AI Summary • Published on Dec 17, 2025
The Orienteering Problem (OP) is a classical combinatorial optimization challenge focused on finding a path that visits a subset of locations to maximize collected rewards, subject to a limited resource budget such as time or distance. Unlike problems like the Traveling Salesman Problem that aim to visit all locations, the OP's selective nature makes it highly relevant for resource-constrained applications including urban logistics, tourism, and drone path planning. While earlier surveys covered the field up to 2017, significant advancements have occurred since then, introducing new structural variants like Set and Dubins OPs, incorporating uncertainty and multi-period decision-making, and leveraging learning-based methods. This review addresses the existing gap by providing a unified structural framework to connect these recent models and solution methodologies, clarifying how their underlying components impact computational properties and algorithm design.
This systematic review analyzes OP research published between 2017 and 2025, adhering to PRISMA (Preferred Reporting Items for Systematic Reviews and Meta-Analyses) guidelines. The authors identified and scrutinized 112 peer-reviewed studies from the Web of Science Core Collection, focusing on those introducing new models, algorithms, or substantial methodological improvements. A novel component-based taxonomy was developed, categorizing OP variants into time-, path-, node-, structure-, and information-based extensions. Solution approaches were also classified, including exact algorithms, heuristics and metaheuristics, and emerging learning-based methods, with particular attention to matheuristics and advancements in artificial intelligence like reinforcement learning and neural networks.
The survey's key contributions include a comprehensive component-based taxonomy that unifies diverse OP variants and an analysis of how each component influences computational complexity and polyhedral properties. It synthesizes recent advancements, highlighting a convergence between exact and heuristic methods, where matheuristics increasingly embed exact components, and exact algorithms incorporate heuristic-inspired strategies for scalability. Solution representations have evolved from direct edge selection to giant tours or clusters, enabling solvers to handle thousands of customers. For variants with high uncertainty (e.g., Stochastic and Time-Dependent OPs), there's a trend towards integrating simulation with optimization and the growing use of Machine Learning for real-time responsiveness. Conversely, for structurally complex variants (e.g., OPMV, CluOP), there's a resurgence of exact methods and advanced Branch-and-Cut-and-Price algorithms. Emerging models extend temporal dimensions to multi-period planning, introduce complex reward attributes, incorporate vehicle kinematics for UAVs and robots, modify combinatorial structures for group-level coverage (Set OP), and integrate advanced uncertainty management through probabilistic, dynamic, uncertain, and robust frameworks.

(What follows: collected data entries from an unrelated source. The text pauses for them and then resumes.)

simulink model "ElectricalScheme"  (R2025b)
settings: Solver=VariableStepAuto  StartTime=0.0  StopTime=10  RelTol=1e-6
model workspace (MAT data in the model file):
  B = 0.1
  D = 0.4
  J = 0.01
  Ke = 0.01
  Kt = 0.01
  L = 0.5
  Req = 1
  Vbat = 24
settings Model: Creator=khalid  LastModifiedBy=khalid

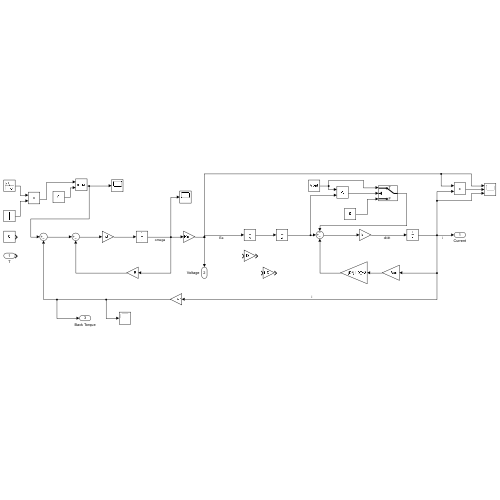
[thumbnail: Simulink's stored preview of the top-level diagram]
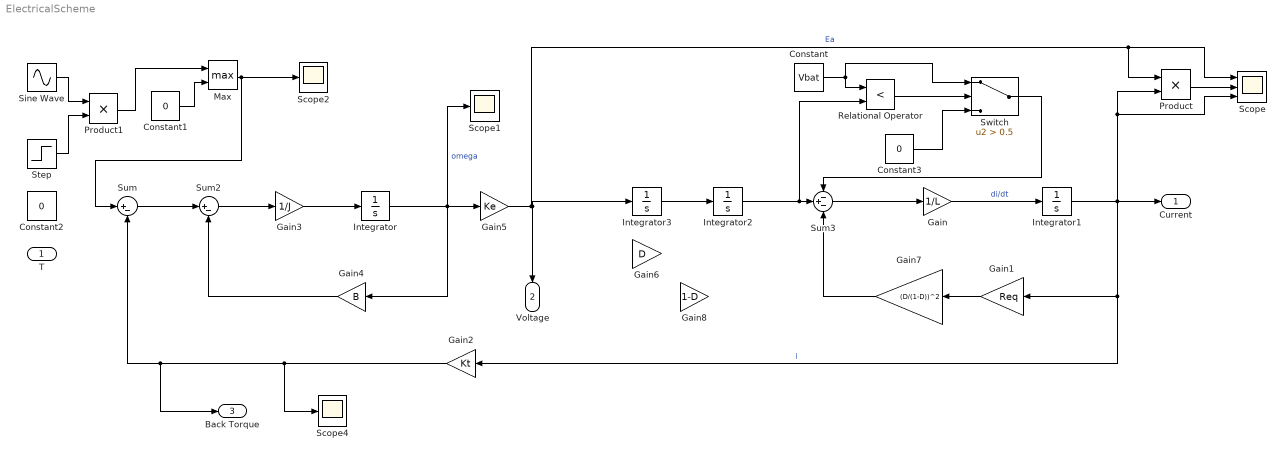
== system ElectricalScheme ==
  T : Inport
  Constant : Constant  Value=Vbat
  Constant1 : Constant  Value=0
  Constant2 : Constant  Value=0
  Constant3 : Constant  Value=0
  Gain : Gain  Gain=1/L
  Gain1 : Gain  Gain=Req
  Gain2 : Gain  Gain=Kt
  Gain3 : Gain  Gain=1/J
  Gain4 : Gain  Gain=B
  Gain5 : Gain  Gain=Ke
  Gain6 : Gain  Gain=D
  Gain7 : Gain  Gain=(D/(1-D))^2
  Gain8 : Gain  Gain=1-D
  Integrator{,1..3} (4 alike) : Integrator
  Max : MinMax  Function=max  Inputs=2
  Product : Product
  Product1 : Product
  Relational Operator : RelationalOperator  Operator=<  OutDataTypeStr=boolean  RndMeth=Simplest  InputSameDT=off
  Scope : Scope  NumInputPorts=3
      settings: ActiveDisplayYMinimum=-7.2605692447526673  ActiveDisplayYMaximum=64.818299057419381
  Scope1 : Scope
      settings: ActiveDisplayYMinimum=-729.29894  ActiveDisplayYMaximum=6560.77635
  Scope2 : Scope
      settings: ActiveDisplayYMinimum=-124.9931  ActiveDisplayYMaximum=1124.93794  DataLoggingVariableName=ScopeData2
  Scope4 : Scope
      settings: ActiveDisplayYMinimum=-0.26973  ActiveDisplayYMaximum=0.02997  DataLoggingVariableName=ScopeData4
  Sine Wave : Sin  Amplitude=1e3  Frequency=20  SampleTime=0
  Step : Step  Time=5  Before=1  After=0  SampleTime=0
  Sum : Sum  Inputs=|+-
  Sum2 : Sum  Inputs=|+-
  Sum3 : Sum  Inputs=-+-
  Switch : Switch  Criteria=u2 > Threshold  Threshold=0.5  SaturateOnIntegerOverflow=off  InputSameDT=off
  Current : Outport
  Voltage : Outport  Port=2
  Back Torque : Outport  Port=3
  wires:
  Gain4/1 -> Sum2/2
  Gain3/1 -> Integrator/1
  Integrator/1 -> Gain5/1, Gain4/1, Scope1/1  "omega"
  Gain2/1 -> Scope4/1, Back Torque/1, Sum/2
  Integrator1/1 -> Gain1/1, Gain2/1, Current/1, Product/2, Scope/3  "i"
  Sum/1 -> Sum2/1
  Gain5/1 -> Integrator3/1, Voltage/1, Product/1, Scope/1  "Ea"
  Gain/1 -> Integrator1/1  "di/dt"
  Sum2/1 -> Gain3/1
  Product/1 -> Scope/2
  Sine Wave/1 -> Product1/1
  Step/1 -> Product1/2
  Constant1/1 -> Max/2
  Product1/1 -> Max/1
  Max/1 -> Sum/1, Scope2/1
  Gain1/1 -> Gain7/1
  Sum3/1 -> Gain/1
  Constant/1 -> Switch/1, Relational Operator/1
  Constant3/1 -> Switch/3
  Switch/1 -> Sum3/1
  Relational Operator/1 -> Switch/2
  Integrator2/1 -> Sum3/2, Relational Operator/2
  Gain7/1 -> Sum3/3
  Integrator3/1 -> Integrator2/1
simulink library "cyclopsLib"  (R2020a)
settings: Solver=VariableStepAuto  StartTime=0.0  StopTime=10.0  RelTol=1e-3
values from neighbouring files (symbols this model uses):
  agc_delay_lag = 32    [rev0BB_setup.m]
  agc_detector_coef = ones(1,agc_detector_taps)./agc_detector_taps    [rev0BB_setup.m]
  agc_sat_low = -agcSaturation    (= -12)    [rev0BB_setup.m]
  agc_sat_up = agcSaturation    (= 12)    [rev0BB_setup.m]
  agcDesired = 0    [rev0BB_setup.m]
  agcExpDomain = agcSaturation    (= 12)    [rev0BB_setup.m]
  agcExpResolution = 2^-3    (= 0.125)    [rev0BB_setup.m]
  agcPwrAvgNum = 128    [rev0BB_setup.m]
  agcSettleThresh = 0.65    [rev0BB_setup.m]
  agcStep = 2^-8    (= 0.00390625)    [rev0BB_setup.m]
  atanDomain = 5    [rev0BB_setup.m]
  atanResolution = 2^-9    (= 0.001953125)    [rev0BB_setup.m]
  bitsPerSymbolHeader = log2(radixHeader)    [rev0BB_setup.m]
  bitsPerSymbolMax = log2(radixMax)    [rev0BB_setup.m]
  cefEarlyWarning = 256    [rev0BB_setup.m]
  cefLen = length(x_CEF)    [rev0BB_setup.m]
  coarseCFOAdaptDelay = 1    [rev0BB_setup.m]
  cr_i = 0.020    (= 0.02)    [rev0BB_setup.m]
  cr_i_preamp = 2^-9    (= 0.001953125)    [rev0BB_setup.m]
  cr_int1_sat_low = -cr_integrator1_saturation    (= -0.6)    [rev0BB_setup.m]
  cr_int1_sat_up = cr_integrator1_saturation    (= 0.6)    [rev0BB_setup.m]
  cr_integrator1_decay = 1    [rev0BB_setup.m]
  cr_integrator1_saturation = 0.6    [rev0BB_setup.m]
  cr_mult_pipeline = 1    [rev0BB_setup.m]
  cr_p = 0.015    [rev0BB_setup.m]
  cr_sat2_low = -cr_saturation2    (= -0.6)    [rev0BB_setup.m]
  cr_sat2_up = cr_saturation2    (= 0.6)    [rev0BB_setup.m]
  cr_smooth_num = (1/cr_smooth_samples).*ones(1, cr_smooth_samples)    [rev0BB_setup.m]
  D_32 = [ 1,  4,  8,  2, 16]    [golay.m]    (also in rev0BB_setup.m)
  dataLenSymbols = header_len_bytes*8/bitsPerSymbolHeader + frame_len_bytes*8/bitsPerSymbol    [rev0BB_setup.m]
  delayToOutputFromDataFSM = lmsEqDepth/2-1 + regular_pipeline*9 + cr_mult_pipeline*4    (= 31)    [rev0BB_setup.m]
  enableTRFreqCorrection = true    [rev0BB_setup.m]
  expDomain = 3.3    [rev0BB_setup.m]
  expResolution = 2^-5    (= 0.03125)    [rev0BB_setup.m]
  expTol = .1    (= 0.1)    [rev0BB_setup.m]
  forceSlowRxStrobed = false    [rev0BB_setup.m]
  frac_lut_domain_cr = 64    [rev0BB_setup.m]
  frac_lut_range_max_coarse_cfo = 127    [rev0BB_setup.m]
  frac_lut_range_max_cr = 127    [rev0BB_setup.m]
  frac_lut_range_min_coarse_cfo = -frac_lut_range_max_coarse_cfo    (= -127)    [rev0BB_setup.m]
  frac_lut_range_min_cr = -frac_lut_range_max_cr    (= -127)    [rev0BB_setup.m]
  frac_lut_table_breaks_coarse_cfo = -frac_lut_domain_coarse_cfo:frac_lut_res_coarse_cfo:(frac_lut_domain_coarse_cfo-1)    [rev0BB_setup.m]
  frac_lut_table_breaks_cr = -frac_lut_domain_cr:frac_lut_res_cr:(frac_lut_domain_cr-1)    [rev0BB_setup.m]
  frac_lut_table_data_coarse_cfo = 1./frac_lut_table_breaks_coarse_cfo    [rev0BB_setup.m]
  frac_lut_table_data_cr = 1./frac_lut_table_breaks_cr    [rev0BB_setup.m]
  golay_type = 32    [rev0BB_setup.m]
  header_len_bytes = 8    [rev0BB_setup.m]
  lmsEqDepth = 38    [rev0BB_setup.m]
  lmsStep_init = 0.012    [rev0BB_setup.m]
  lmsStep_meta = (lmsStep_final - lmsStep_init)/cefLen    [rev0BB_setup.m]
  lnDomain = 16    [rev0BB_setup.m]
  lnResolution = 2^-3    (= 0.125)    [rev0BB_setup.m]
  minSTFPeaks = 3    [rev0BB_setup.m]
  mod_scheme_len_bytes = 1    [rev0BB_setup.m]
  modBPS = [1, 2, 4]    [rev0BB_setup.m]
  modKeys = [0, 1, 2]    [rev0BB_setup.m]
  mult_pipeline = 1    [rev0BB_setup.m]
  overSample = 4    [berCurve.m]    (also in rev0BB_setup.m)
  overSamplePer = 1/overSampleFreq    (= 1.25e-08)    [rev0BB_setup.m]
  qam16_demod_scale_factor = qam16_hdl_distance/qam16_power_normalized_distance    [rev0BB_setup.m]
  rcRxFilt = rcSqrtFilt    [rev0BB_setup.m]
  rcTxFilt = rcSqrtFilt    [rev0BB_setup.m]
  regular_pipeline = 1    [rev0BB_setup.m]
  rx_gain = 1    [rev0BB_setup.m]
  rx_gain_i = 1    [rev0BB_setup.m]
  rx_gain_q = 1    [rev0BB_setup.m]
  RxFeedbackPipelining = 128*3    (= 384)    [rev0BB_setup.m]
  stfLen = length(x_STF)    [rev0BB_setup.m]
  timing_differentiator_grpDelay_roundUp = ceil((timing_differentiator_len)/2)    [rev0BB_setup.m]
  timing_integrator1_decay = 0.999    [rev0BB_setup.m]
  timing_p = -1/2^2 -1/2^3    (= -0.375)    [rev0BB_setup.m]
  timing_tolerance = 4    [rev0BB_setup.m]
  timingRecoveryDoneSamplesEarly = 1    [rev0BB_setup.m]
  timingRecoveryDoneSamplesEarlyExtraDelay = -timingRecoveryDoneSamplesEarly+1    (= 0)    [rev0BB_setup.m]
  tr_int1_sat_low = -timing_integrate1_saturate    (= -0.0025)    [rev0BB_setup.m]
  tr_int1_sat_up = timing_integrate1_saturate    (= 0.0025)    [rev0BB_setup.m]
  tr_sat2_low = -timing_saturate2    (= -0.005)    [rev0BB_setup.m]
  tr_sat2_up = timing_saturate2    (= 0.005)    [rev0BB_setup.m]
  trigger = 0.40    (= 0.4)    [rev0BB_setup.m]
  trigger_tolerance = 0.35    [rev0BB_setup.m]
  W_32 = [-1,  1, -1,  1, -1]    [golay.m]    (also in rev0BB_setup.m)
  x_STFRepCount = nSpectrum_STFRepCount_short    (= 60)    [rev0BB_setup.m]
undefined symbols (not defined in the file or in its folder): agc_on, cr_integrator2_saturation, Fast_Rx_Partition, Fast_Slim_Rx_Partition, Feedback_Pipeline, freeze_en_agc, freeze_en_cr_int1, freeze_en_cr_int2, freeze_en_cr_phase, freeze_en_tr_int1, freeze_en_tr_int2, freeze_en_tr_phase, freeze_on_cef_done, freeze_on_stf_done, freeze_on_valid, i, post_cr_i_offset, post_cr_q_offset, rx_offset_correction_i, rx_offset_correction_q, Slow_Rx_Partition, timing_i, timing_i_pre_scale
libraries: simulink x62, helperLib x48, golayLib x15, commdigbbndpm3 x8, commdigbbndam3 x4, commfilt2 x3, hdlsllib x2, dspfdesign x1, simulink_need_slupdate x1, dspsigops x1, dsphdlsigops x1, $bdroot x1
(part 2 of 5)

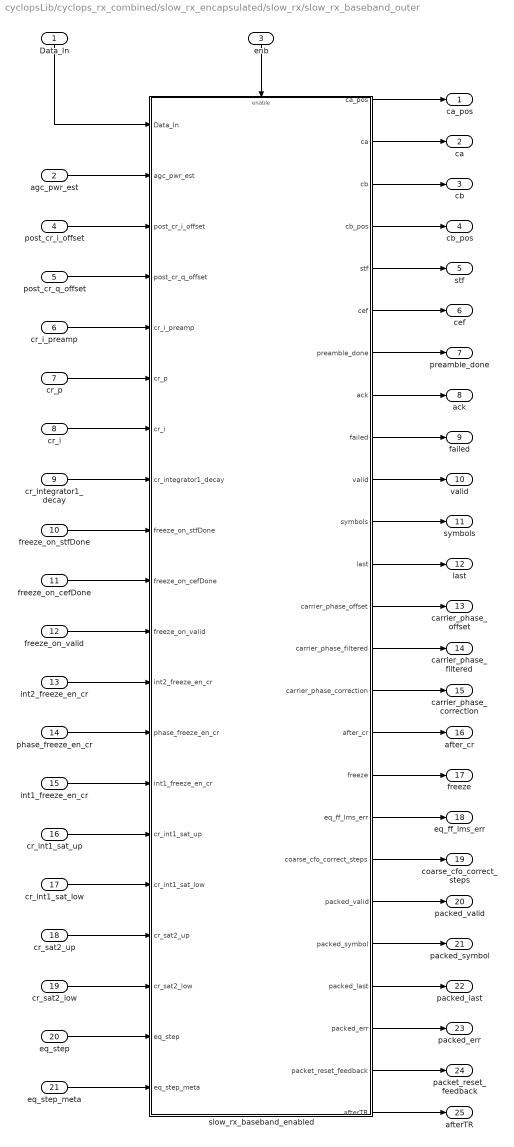
== system cyclopsLib/cyclops_rx_combined/slow_rx_encapsulated/slow_rx/slow_rx_baseband_outer ==
  Data_In : Inport
  agc_pwr_est : Inport  Port=2
  enb : Inport  Port=3
  post_cr_i_offset : Inport  Port=4
  post_cr_q_offset : Inport  Port=5
  cr_i_preamp : Inport  Port=6
  cr_p : Inport  Port=7
  cr_i : Inport  Port=8
  cr_integrator1_decay : Inport  Port=9
  freeze_on_stfDone : Inport  Port=10
  freeze_on_cefDone : Inport  Port=11
  freeze_on_valid : Inport  Port=12
  int2_freeze_en_cr : Inport  Port=13  OutDataTypeStr=boolean
  phase_freeze_en_cr : Inport  Port=14  OutDataTypeStr=boolean
  int1_freeze_en_cr : Inport  Port=15  OutDataTypeStr=boolean
  cr_int1_sat_up : Inport  Port=16
  cr_int1_sat_low : Inport  Port=17
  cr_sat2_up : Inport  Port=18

The review identifies four critical avenues for future research to address the escalating scale and complexity of the Orienteering Problem. Firstly, enhancing scalability and AI integration involves developing ML-aided exact methods, leveraging Generative AI and Large Language Models for heuristics, and utilizing Transformer-based architectures for multi-agent coordination, alongside Explainable AI. Secondly, improving robustness and uncertainty management calls for exploring Distributionally Robust Optimization, integrating Digital Twins with IoT data for dynamic re-routing, and developing multi-objective variants. Thirdly, promoting sustainability and green logistics requires focusing on the Green Orienteering Problem, including models for non-linear battery degradation and charging station planning for electric fleets. Finally, tailoring OP models to domain-specific applications, such as UAV kinematics, bioinformatics, and public health, will strengthen practical relevance. These interdisciplinary efforts are crucial for balancing computational costs with solution effectiveness to tackle complex real-world challenges.